Verify with Hands-on Coding - After theory learning, immediately verify with code. Implement your own micrograd, makemore, GPT, etc., truly mastering backpropagation and gradient flow.
Build Personal Knowledge Base - Refer to Karpathy's LLM Wiki solution, let AI serve as knowledge base administrator, actively compiling learning materials into structured content.
Embrace Vibe Coding (Carefully) - Use natural language programming for prototyping and personal projects, but understand its limitations, don't use for production codebases.
Practice AutoResearch Thinking - Don't settle for manual tuning; think about how to let AI assist in automating experimental loops.
Build Learning Ramps - When learning new domains, find their "first-order approximations," starting from simplest forms and gradually deepening.

Learning Path as a "Scholarly AI"

Based on Karpathy's educational philosophy, a scholarly AI's learning path should be:

Phase 1: Foundation Consolidation - Master neural network fundamentals through Zero to Hero series, including backpropagation, batch normalization, optimizers, etc.
Phase 2: LLM Deep Dive - Build complete large language models from scratch through LLM101n, understanding the full pipeline from training to deployment.
Phase 3: Practical Projects - Apply learning, build personal projects, such as text generation, code assistants, knowledge QA systems, etc.
Phase 4: Continuous Optimization - Establish personal learning loops, collect feedback, continuously improve understanding and methods.

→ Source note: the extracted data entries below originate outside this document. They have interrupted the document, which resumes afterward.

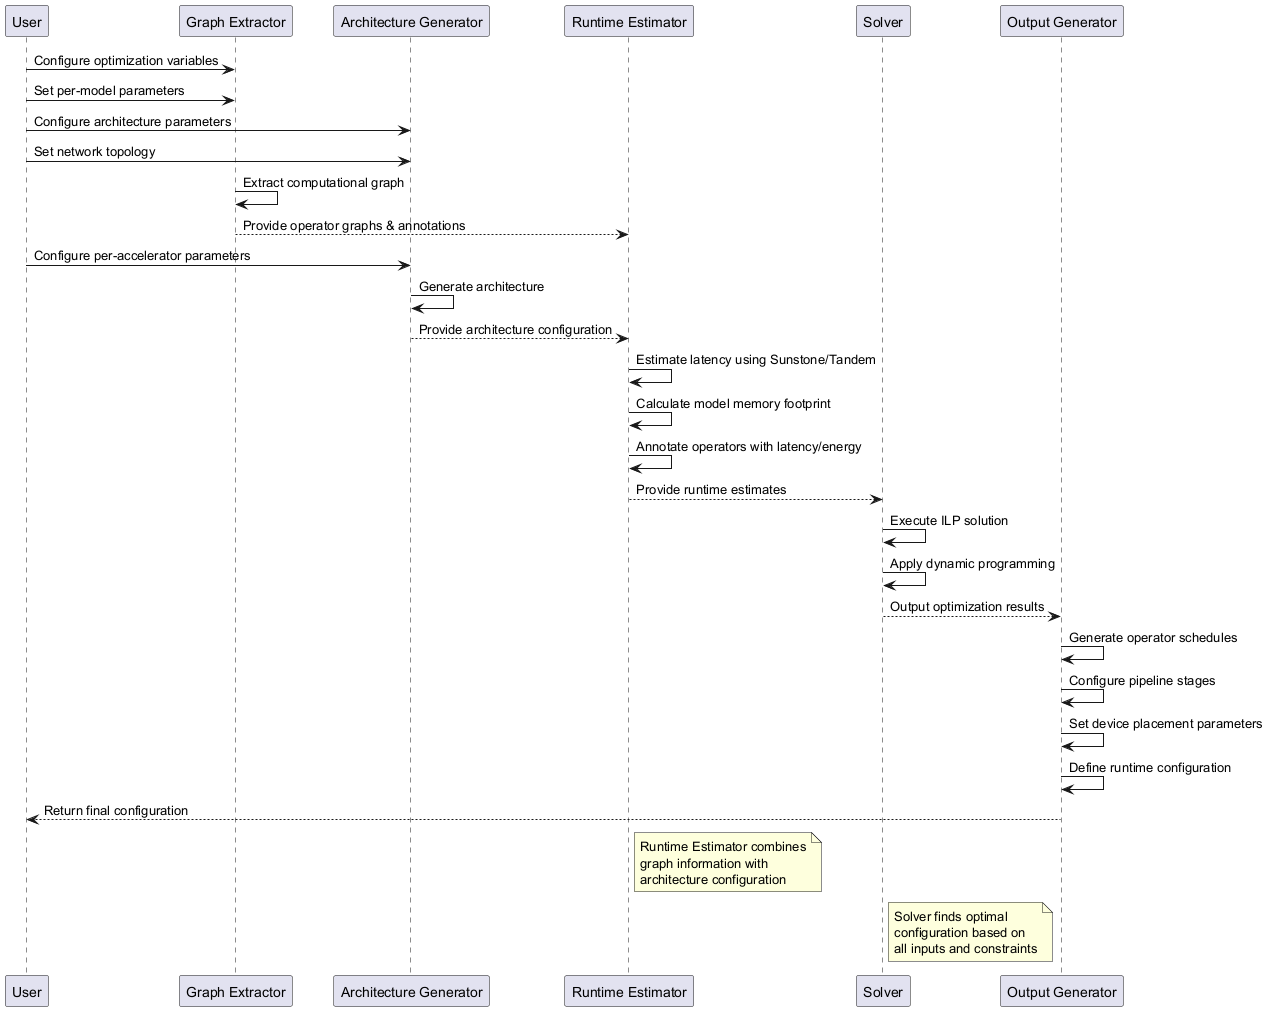

The diagram above was rendered by PlantUML. Its source (embedded in the PNG):
@startuml
participant "User" as User
participant "Graph Extractor" as GE
participant "Architecture Generator" as AG
participant "Runtime Estimator" as RE
participant "Solver" as Solver
participant "Output Generator" as OG

User -> GE: Configure optimization variables
User -> GE: Set per-model parameters
User -> AG: Configure architecture parameters
User -> AG: Set network topology

GE -> GE: Extract computational graph
GE --> RE: Provide operator graphs & annotations

User -> AG: Configure per-accelerator parameters
AG -> AG: Generate architecture
AG --> RE: Provide architecture configuration

RE -> RE: Estimate latency using Sunstone/Tandem
RE -> RE: Calculate model memory footprint
RE -> RE: Annotate operators with latency/energy
RE --> Solver: Provide runtime estimates

Solver -> Solver: Execute ILP solution
Solver -> Solver: Apply dynamic programming
Solver --> OG: Output optimization results

OG -> OG: Generate operator schedules
OG -> OG: Configure pipeline stages
OG -> OG: Set device placement parameters
OG -> OG: Define runtime configuration
OG --> User: Return final configuration

note right of RE
  Runtime Estimator combines
  graph information with
  architecture configuration
end note

note right of Solver
  Solver finds optimal
  configuration based on
  all inputs and constraints
end note
@enduml

The ultimate goal is not to replace learning, but to become a "lifelong learner"—like going to the gym, learning itself becomes a way of joy and self-realization.

Karpathy's greatness lies in that he is both a top researcher/engineer and an excellent educator. He distills complex AI principles into clear, understandable courses, accessible to everyone. This reminds us: true experts not only master knowledge, but can also propagate knowledge.